May’s Painting Project Gallery: Stormy Camus Mor

Moody clouds, showers darkening the sky, and determined waves marching onto the shore, that’s what May’s painting project has inspired. Thank you to everyone who’s shared their paintings and shown me a favourite part of my world through different eyes. Enjoy!

By Lynn: First one that I’ve sent. I was encouraged by your last couple of posts on being more free and don’t worry about the results. I started great, then hated it… then added too much color, then not enough and finally ended up with the final scene, which I like. There are lots of layers on this canvas! I found myself more caught up in the feelings of the sky and the feeling of the water. Thank you for all the encouragement. I updated my sky with patch of blue in top left corner, and love my painting as it is.

From Marion: Thanks for sharing your painting, and I hope it’ll be the first of many. For me it’s very much got the moodiness of the location on the day the reference photo was taken, and the layers of paint enhance the sense of the heaviness of the weather. Focusing on the enjoyment of the process and the materials I’m using is how I like to paint, heading towards an idea but not being entirely sure of the route by which I will (might) get there.
By Eddie: “I have tried to make the corrections you suggested and think they have improved the picture. I added some rain as I have heard it sometimes happens in the west of Scotland.”

From Marion: I think it’s working beautifully now, the sense of a passing shower, the movement on the water, and the houses giving a sense of scale.
By Bee: Acrylic on cardboard, I think I have got the sky a bit dark.

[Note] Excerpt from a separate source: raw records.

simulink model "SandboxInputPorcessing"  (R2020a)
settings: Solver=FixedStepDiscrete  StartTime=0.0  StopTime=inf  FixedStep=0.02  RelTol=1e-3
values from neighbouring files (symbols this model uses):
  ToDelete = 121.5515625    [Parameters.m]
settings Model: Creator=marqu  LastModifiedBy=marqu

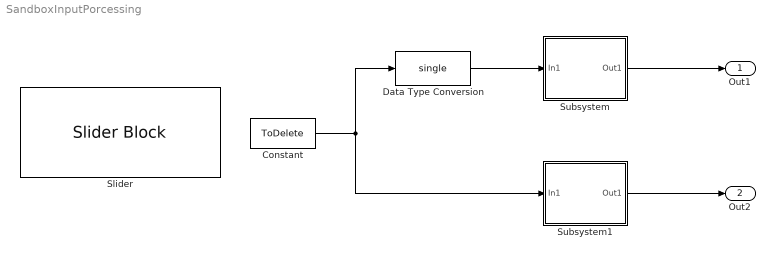
== system SandboxInputPorcessing ==
  Constant : Constant  Value=ToDelete  OutDataTypeStr=uint8
  Data Type Conversion : DataTypeConversion  OutDataTypeStr=single
  Slider : SliderBlock  ScaleMin=51  ScaleMax=204
  Subsystem : Subsystem
  Subsystem1 : Subsystem
  Out1 : Outport
  Out2 : Outport  Port=2
  wires:
  Subsystem/1(Out1) -> Out1/1
  Data Type Conversion/1 -> Subsystem/1(In1)
  Subsystem1/1(Out1) -> Out2/1
  Constant/1 -> Subsystem1/1(In1), Data Type Conversion/1

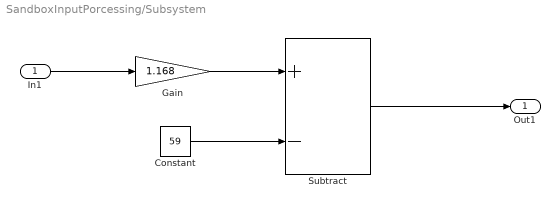
== system SandboxInputPorcessing/Subsystem ==
  In1 : Inport
  Constant : Constant  Value=59  OutDataTypeStr=uint8
  Gain : Gain  Gain=1.168
  Subtract : Sum  Inputs=+-
  Out1 : Outport
  wires:
  Constant/1 -> Subtract/2
  Gain/1 -> Subtract/1
  Subtract/1 -> Out1/1
  In1/1 -> Gain/1

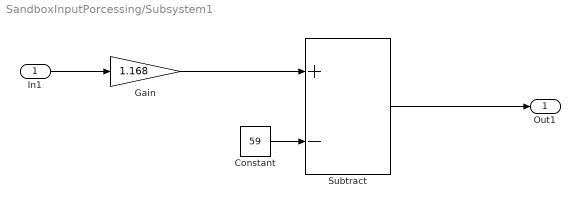
== system SandboxInputPorcessing/Subsystem1 ==
  In1 : Inport
  Constant : Constant  Value=59  OutDataTypeStr=uint8
  Gain : Gain  Gain=1.168  OutDataTypeStr=single
  Subtract : Sum  Inputs=+-  OutDataTypeStr=uint8
  Out1 : Outport
  wires:
  Constant/1 -> Subtract/2
  Gain/1 -> Subtract/1
  Subtract/1 -> Out1/1
  In1/1 -> Gain/1
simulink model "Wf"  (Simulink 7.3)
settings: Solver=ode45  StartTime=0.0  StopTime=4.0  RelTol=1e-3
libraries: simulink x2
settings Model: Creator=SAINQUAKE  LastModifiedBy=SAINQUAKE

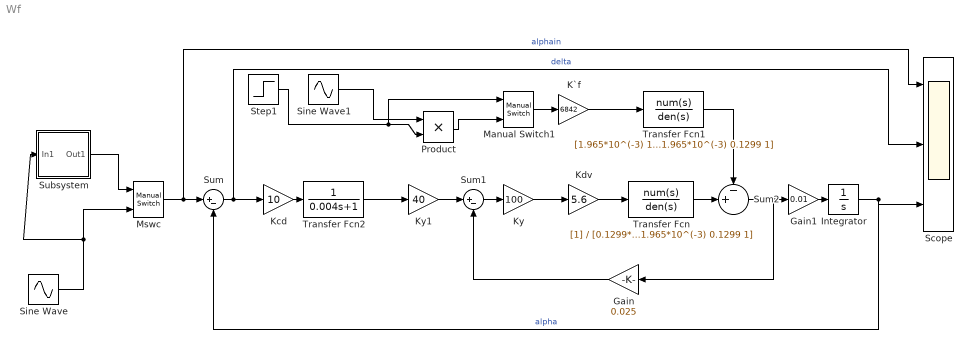
== system Wf ==
  Gain : Gain  Gain=0.025  ParameterDataType=fixdt(1, 16)  ParameterScaling=2^0  OutDataType=fixdt(1, 16)  OutScaling=2^0
  Gain1 : Gain  Gain=0.01  ParameterDataType=fixdt(1, 16)  ParameterScaling=2^0  OutDataType=fixdt(1, 16)  OutScaling=2^0
  Integrator : Integrator
  K`f : Gain  Gain=6842  ParameterDataType=fixdt(1, 16)  ParameterScaling=2^0  OutDataType=fixdt(1, 16)  OutScaling=2^0
  Kcd : Gain  Gain=10  ParameterDataType=fixdt(1, 16)  ParameterScaling=2^0  OutDataType=fixdt(1, 16)  OutScaling=2^0
  Kdv : Gain  Gain=5.6  ParameterDataType=fixdt(1, 16)  ParameterScaling=2^0  OutDataType=fixdt(1, 16)  OutScaling=2^0
  Ky : Gain  Gain=100  ParameterDataType=fixdt(1, 16)  ParameterScaling=2^0  OutDataType=fixdt(1, 16)  OutScaling=2^0
  Ky1 : Gain  Gain=40  ParameterDataType=fixdt(1, 16)  ParameterScaling=2^0  OutDataType=fixdt(1, 16)  OutScaling=2^0
  Manual Switch1 : simulink/Signal Routing/Manual Switch  SystemSampleTime=-1  sw=0  action=0  varsize=off
  Mswc : simulink/Signal Routing/Manual Switch  SystemSampleTime=-1  sw=0  action=0  varsize=off
  Product : Product  OutDataType=fixdt(1, 16)  OutScaling=2^0  RndMeth=Zero
  Scope : Scope  NumInputPorts=3
      settings: YMin=-5~-5~-5  YMax=5~5~5
  Sine Wave : Sin  Amplitude=1  Bias=0  Frequency=10  Phase=0  Samples=10  SampleTime=0  Offset=0
  Sine Wave1 : Sin  Amplitude=1.4  Bias=0  Frequency=2  Phase=0  Samples=10  SampleTime=0  Offset=0
  Step1 : Step  After=1.4  SampleTime=0
  Subsystem : Subsystem
  Sum : Sum  Inputs=|+-  OutDataType=fixdt(1, 16)  OutScaling=2^0
  Sum1 : Sum  Inputs=|+-  OutDataType=fixdt(1, 16)  OutScaling=2^0
  Sum2 : Sum  Inputs=-+|  OutDataType=fixdt(1, 16)  OutScaling=2^0
  Transfer Fcn : TransferFcn  Denominator=[0.1299*1.965*10^(-3) 0.1299 1]
  Transfer Fcn1 : TransferFcn  Numerator=[1.965*10^(-3) 1]  Denominator=[0.1299*1.965*10^(-3) 0.1299 1]
  Transfer Fcn2 : TransferFcn  Denominator=[0.004 1]
  wires:
  Mswc/1 -> Sum/1, Scope/1  "alphain"
  Subsystem/1(Out1) -> Mswc/1
  Sum/1 -> Scope/2, Kcd/1  "delta"
  Sum1/1 -> Ky/1
  Transfer Fcn/1 -> Sum2/2
  Sum2/1 -> Gain/1, Gain1/1
  Integrator/1 -> Sum/2, Scope/3  "alpha"
  Gain/1 -> Sum1/2
  Gain1/1 -> Integrator/1
  Ky1/1 -> Sum1/1
  Sine Wave/1 -> Mswc/2, Subsystem/1(In1)
  Transfer Fcn1/1 -> Sum2/1
  Kdv/1 -> Transfer Fcn/1
  K`f/1 -> Transfer Fcn1/1
  Manual Switch1/1 -> K`f/1
  Kcd/1 -> Transfer Fcn2/1
  Transfer Fcn2/1 -> Ky1/1
  Ky/1 -> Kdv/1
  Product/1 -> Manual Switch1/2
  Sine Wave1/1 -> Product/1
  Step1/1 -> Product/2, Manual Switch1/1

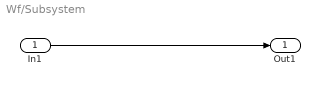
== system Wf/Subsystem ==
  In1 : Inport  OutDataType=fixdt(1, 16)  OutScaling=2^0
  Out1 : Outport  OutDataType=fixdt(1, 16)  OutScaling=2^0
  wires:
  In1/1 -> Out1/1
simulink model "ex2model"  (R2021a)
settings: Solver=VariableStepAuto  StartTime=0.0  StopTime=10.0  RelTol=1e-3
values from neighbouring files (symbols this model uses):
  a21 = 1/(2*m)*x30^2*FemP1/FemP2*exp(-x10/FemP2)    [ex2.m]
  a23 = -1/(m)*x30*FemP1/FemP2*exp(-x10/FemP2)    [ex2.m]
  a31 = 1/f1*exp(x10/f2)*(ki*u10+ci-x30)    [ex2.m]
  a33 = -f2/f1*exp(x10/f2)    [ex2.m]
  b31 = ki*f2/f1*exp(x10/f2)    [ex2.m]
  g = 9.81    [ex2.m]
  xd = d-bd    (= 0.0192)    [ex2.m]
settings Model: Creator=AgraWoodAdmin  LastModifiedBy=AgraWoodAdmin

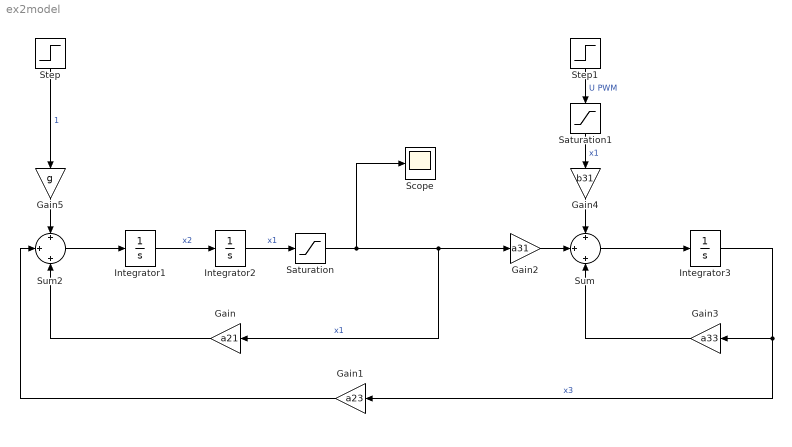
== system ex2model ==
  Gain : Gain  Gain=a21
  Gain1 : Gain  Gain=a23
  Gain2 : Gain  Gain=a31
  Gain3 : Gain  Gain=a33
  Gain4 : Gain  Gain=b31
  Gain5 : Gain  Gain=g
  Integrator1 : Integrator
  Integrator2 : Integrator
  Integrator3 : Integrator
  Saturation : Saturate  UpperLimit=xd  LowerLimit=0
  Saturation1 : Saturate  UpperLimit=1  LowerLimit=0
  Scope : Scope
  Step : Step  Time=10  SampleTime=0
  Step1 : Step  Time=10  After=10  SampleTime=0
  Sum : Sum  Inputs=+|+|+
  Sum2 : Sum  Inputs=+|+|+
  wires:
  Sum2/1 -> Integrator1/1
  Sum/1 -> Integrator3/1
  Saturation/1 -> Scope/1, Gain2/1, Gain/1  "x1"
  Integrator1/1 -> Integrator2/1  "x2"
  Integrator3/1 -> Gain3/1, Gain1/1  "x3"
  Gain/1 -> Sum2/3
  Gain1/1 -> Sum2/2
  Gain2/1 -> Sum/2
  Gain3/1 -> Sum/3
  Step1/1 -> Saturation1/1  "U PWM"
  Gain4/1 -> Sum/1
  Gain5/1 -> Sum2/1
  Step/1 -> Gain5/1  "1"
  Integrator2/1 -> Saturation/1  "x1"
  Saturation1/1 -> Gain4/1  "x1"
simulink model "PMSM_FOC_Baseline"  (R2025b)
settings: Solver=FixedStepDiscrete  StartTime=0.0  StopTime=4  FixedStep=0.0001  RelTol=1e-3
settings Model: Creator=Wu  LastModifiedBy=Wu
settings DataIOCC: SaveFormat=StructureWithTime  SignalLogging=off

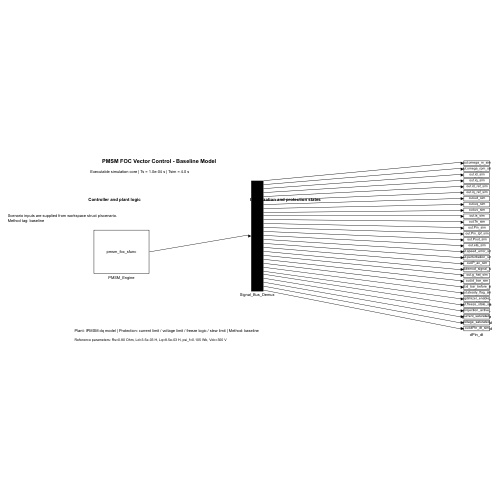
[thumbnail: Simulink's stored preview of the top-level diagram]
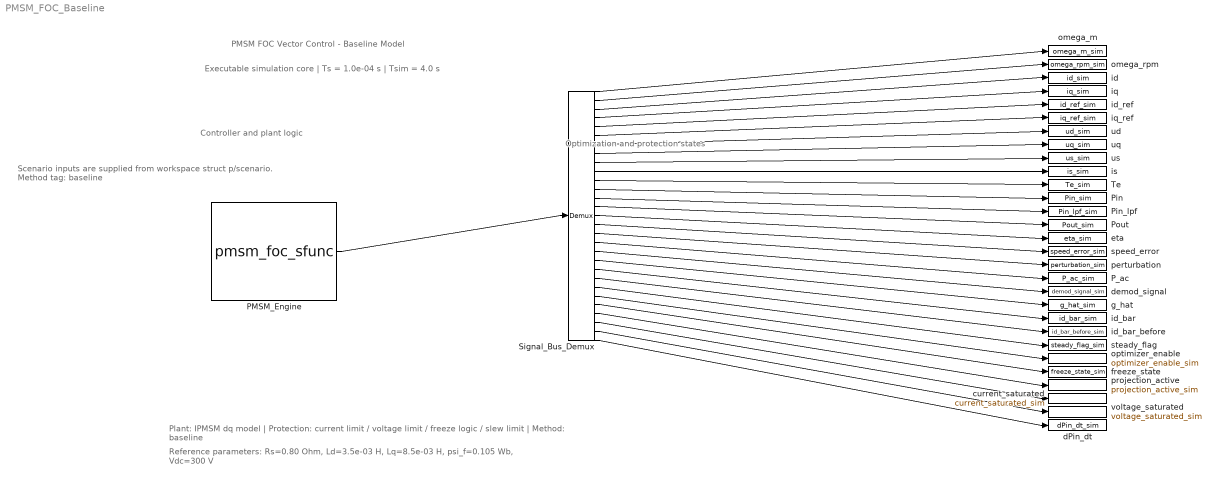
== system PMSM_FOC_Baseline ==
  note: PMSM FOC Vector Control - Baseline Model
  note: Executable simulation core | Ts = 1.0e-04 s | Tsim = 4.0 s
  note: Controller and plant logic
  note: Optimization and protection states
  note: Plant: IPMSM dq model | Protection: current limit / voltage limit / freeze logic / slew limit | Method: baseline
  note: Reference parameters: Rs=0.80 Ohm, Ld=3.5e-03 H, Lq=8.5e-03 H, psi_f=0.105 Wb, Vdc=300 V
  note: Scenario inputs are supplied from workspace struct p/scenario.
      | Method tag: baseline
  PMSM_Engine : M-S-Function  FunctionName=pmsm_foc_sfunc  Parameters=p, 'baseline', scenario
  P_ac : ToWorkspace  VariableName=P_ac_sim  SaveFormat=Timeseries  SampleTime=-1
  Pin : ToWorkspace  VariableName=Pin_sim  SaveFormat=Timeseries  SampleTime=-1
  Pin_lpf : ToWorkspace  VariableName=Pin_lpf_sim  SaveFormat=Timeseries  SampleTime=-1
  Pout : ToWorkspace  VariableName=Pout_sim  SaveFormat=Timeseries  SampleTime=-1
  Signal_Bus_Demux : Demux  Outputs=29
  Te : ToWorkspace  VariableName=Te_sim  SaveFormat=Timeseries  SampleTime=-1
  current_saturated : ToWorkspace  VariableName=current_saturated_sim  SaveFormat=Timeseries  SampleTime=-1
  dPin_dt : ToWorkspace  VariableName=dPin_dt_sim  SaveFormat=Timeseries  SampleTime=-1
  demod_signal : ToWorkspace  VariableName=demod_signal_sim  SaveFormat=Timeseries  SampleTime=-1
  eta : ToWorkspace  VariableName=eta_sim  SaveFormat=Timeseries  SampleTime=-1
  freeze_state : ToWorkspace  VariableName=freeze_state_sim  SaveFormat=Timeseries  SampleTime=-1
  g_hat : ToWorkspace  VariableName=g_hat_sim  SaveFormat=Timeseries  SampleTime=-1
  id : ToWorkspace  VariableName=id_sim  SaveFormat=Timeseries  SampleTime=-1
  id_bar : ToWorkspace  VariableName=id_bar_sim  SaveFormat=Timeseries  SampleTime=-1
  id_bar_before : ToWorkspace  VariableName=id_bar_before_sim  SaveFormat=Timeseries  SampleTime=-1
  id_ref : ToWorkspace  VariableName=id_ref_sim  SaveFormat=Timeseries  SampleTime=-1
  iq : ToWorkspace  VariableName=iq_sim  SaveFormat=Timeseries  SampleTime=-1
  iq_ref : ToWorkspace  VariableName=iq_ref_sim  SaveFormat=Timeseries  SampleTime=-1
  is : ToWorkspace  VariableName=is_sim  SaveFormat=Timeseries  SampleTime=-1
  omega_m : ToWorkspace  VariableName=omega_m_sim  SaveFormat=Timeseries  SampleTime=-1
  omega_rpm : ToWorkspace  VariableName=omega_rpm_sim  SaveFormat=Timeseries  SampleTime=-1
  optimizer_enable : ToWorkspace  VariableName=optimizer_enable_sim  SaveFormat=Timeseries  SampleTime=-1
  perturbation : ToWorkspace  VariableName=perturbation_sim  SaveFormat=Timeseries  SampleTime=-1
  projection_active : ToWorkspace  VariableName=projection_active_sim  SaveFormat=Timeseries  SampleTime=-1
  speed_error : ToWorkspace  VariableName=speed_error_sim  SaveFormat=Timeseries  SampleTime=-1
  steady_flag : ToWorkspace  VariableName=steady_flag_sim  SaveFormat=Timeseries  SampleTime=-1
  ud : ToWorkspace  VariableName=ud_sim  SaveFormat=Timeseries  SampleTime=-1
  uq : ToWorkspace  VariableName=uq_sim  SaveFormat=Timeseries  SampleTime=-1
  us : ToWorkspace  VariableName=us_sim  SaveFormat=Timeseries  SampleTime=-1
  voltage_saturated : ToWorkspace  VariableName=voltage_saturated_sim  SaveFormat=Timeseries  SampleTime=-1
  wires:
  PMSM_Engine/1 -> Signal_Bus_Demux/1
  Signal_Bus_Demux/1 -> omega_m/1
  Signal_Bus_Demux/2 -> omega_rpm/1
  Signal_Bus_Demux/3 -> id/1
  Signal_Bus_Demux/4 -> iq/1
  Signal_Bus_Demux/5 -> id_ref/1
  Signal_Bus_Demux/6 -> iq_ref/1
  Signal_Bus_Demux/7 -> ud/1
  Signal_Bus_Demux/8 -> uq/1
  Signal_Bus_Demux/9 -> us/1
  Signal_Bus_Demux/10 -> is/1
  Signal_Bus_Demux/11 -> Te/1
  Signal_Bus_Demux/12 -> Pin/1
  Signal_Bus_Demux/13 -> Pin_lpf/1
  Signal_Bus_Demux/14 -> Pout/1
  Signal_Bus_Demux/15 -> eta/1
  Signal_Bus_Demux/16 -> speed_error/1
  Signal_Bus_Demux/17 -> perturbation/1
  Signal_Bus_Demux/18 -> P_ac/1
  Signal_Bus_Demux/19 -> demod_signal/1
  Signal_Bus_Demux/20 -> g_hat/1
  Signal_Bus_Demux/21 -> id_bar/1
  Signal_Bus_Demux/22 -> id_bar_before/1
  Signal_Bus_Demux/23 -> steady_flag/1
  Signal_Bus_Demux/24 -> optimizer_enable/1
  Signal_Bus_Demux/25 -> freeze_state/1
  Signal_Bus_Demux/26 -> projection_active/1
  Signal_Bus_Demux/27 -> current_saturated/1
  Signal_Bus_Demux/28 -> voltage_saturated/1
  Signal_Bus_Demux/29 -> dPin_dt/1
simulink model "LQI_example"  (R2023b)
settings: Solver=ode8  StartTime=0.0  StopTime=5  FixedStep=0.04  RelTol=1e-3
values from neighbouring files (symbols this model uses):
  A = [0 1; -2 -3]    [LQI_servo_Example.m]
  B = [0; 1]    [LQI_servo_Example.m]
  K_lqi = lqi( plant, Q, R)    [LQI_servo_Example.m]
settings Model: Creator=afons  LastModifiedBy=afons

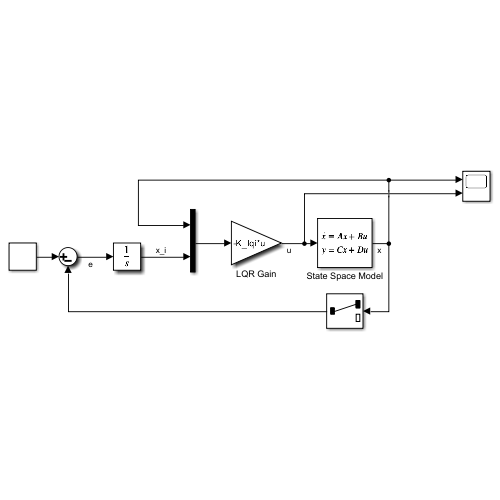
[thumbnail: Simulink's stored preview of the top-level diagram]
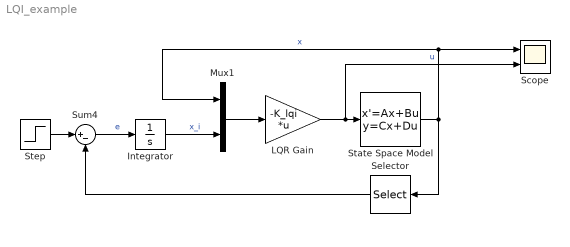
== system LQI_example ==
  Integrator : Integrator
  LQR Gain : Gain  Gain=-K_lqi  Multiplication=Matrix(K*u)  SaturateOnIntegerOverflow=on  OutDataTypeStr=Inherit: Same as input  ParamDataTypeStr=Inherit: Same as input
  Mux1 : Mux  Inputs=2
  Scope : Scope  NumInputPorts=2
  Selector : Selector  InputPortWidth=2  IndexOptions=Index vector (dialog)  Indices=1  OutputSizes=1
  State Space Model : StateSpace  A=A  B=B  C=eye(2)  D=zeros(2,1)  InitialCondition=0
  Step : Step  Time=0  SampleTime=0
  Sum4 : Sum  Inputs=|+-  InputSameDT=on  SaturateOnIntegerOverflow=on  OutDataTypeStr=Inherit: Same as first input
  wires:
  Mux1/1 -> LQR Gain/1
  Integrator/1 -> Mux1/2  "x_i"
  Step/1 -> Sum4/1
  LQR Gain/1 -> Scope/2, State Space Model/1  "u"
  State Space Model/1 -> Selector/1, Mux1/1, Scope/1  "x"
  Sum4/1 -> Integrator/1  "e"
  Selector/1 -> Sum4/2

From Marion:I don’t think the sky is too dark, it’s stormy weather after all. What I think it wants is to come down further, to feel connected to the landscape rather than floating above it. I’d join the two semi-circles on the leftmost section of the sky, and bring a rainshower down out of the rightmost bit, angling it to the right (not vertical). Although this risks taking the viewer’s eye off the composition, it’ll git with the direction of movement in the forground vegetation and the waves coming onto the shore.
From Bee: “Here is another go at this month’s picture, ink ,and a bit of water colour, very loose or abstract.”

From Marion: Your pulling out of the essence of the scene — the colours and movement — has created a painting that I find absorbing, that encourages my brain to fill in details and anticipate the movement of the water onto the shore. The curves i.e. top right in the land, echoed by the sea and strong line of black, give a sense of the shape of the landscape, saying a lot with little. A seemingly simple painting that’s hard to do!
By Bee: I have tried this month’s picture in watercolour as well. I think It is a bit weak.

From Marion: If I look at it with the reference photo in mind, then I’d agree that it doesn’t feel stormy enough. But if I look at it as a painting on its own, and ultimately that’s how paintings are considered, then it feels like a mild autumn day at Camus Mor and not weak at all.

I had two goes at this painting project. The first was mixed media, starting with acrylics and ending with oil pastel (see this step-by-step blog).

My second painting I did because looking at the photos I took during the painting of my first I realised how much I enjoyed it at the Payne’s grey and yellow stage. It’s a long way from the stormy scene in the project’s reference photo, but would never have happened if I hadn’t done the first painting.

Acrylic ink on watercolour paper, size 60x84cm (A1)

One Reply to “May’s Painting Project Gallery: Stormy Camus Mor”

  1. I love ALL of these! Amazing how we can each interpret the scene in different yet beautiful versions. Marion… the yellow and gray version is so interesting… love the yellow dot of sun I’ve never been to Scotland, but I live close to Lake Huron and love the stormy days as much as the sunny ones.

    Thank ALL of You for the inspiration!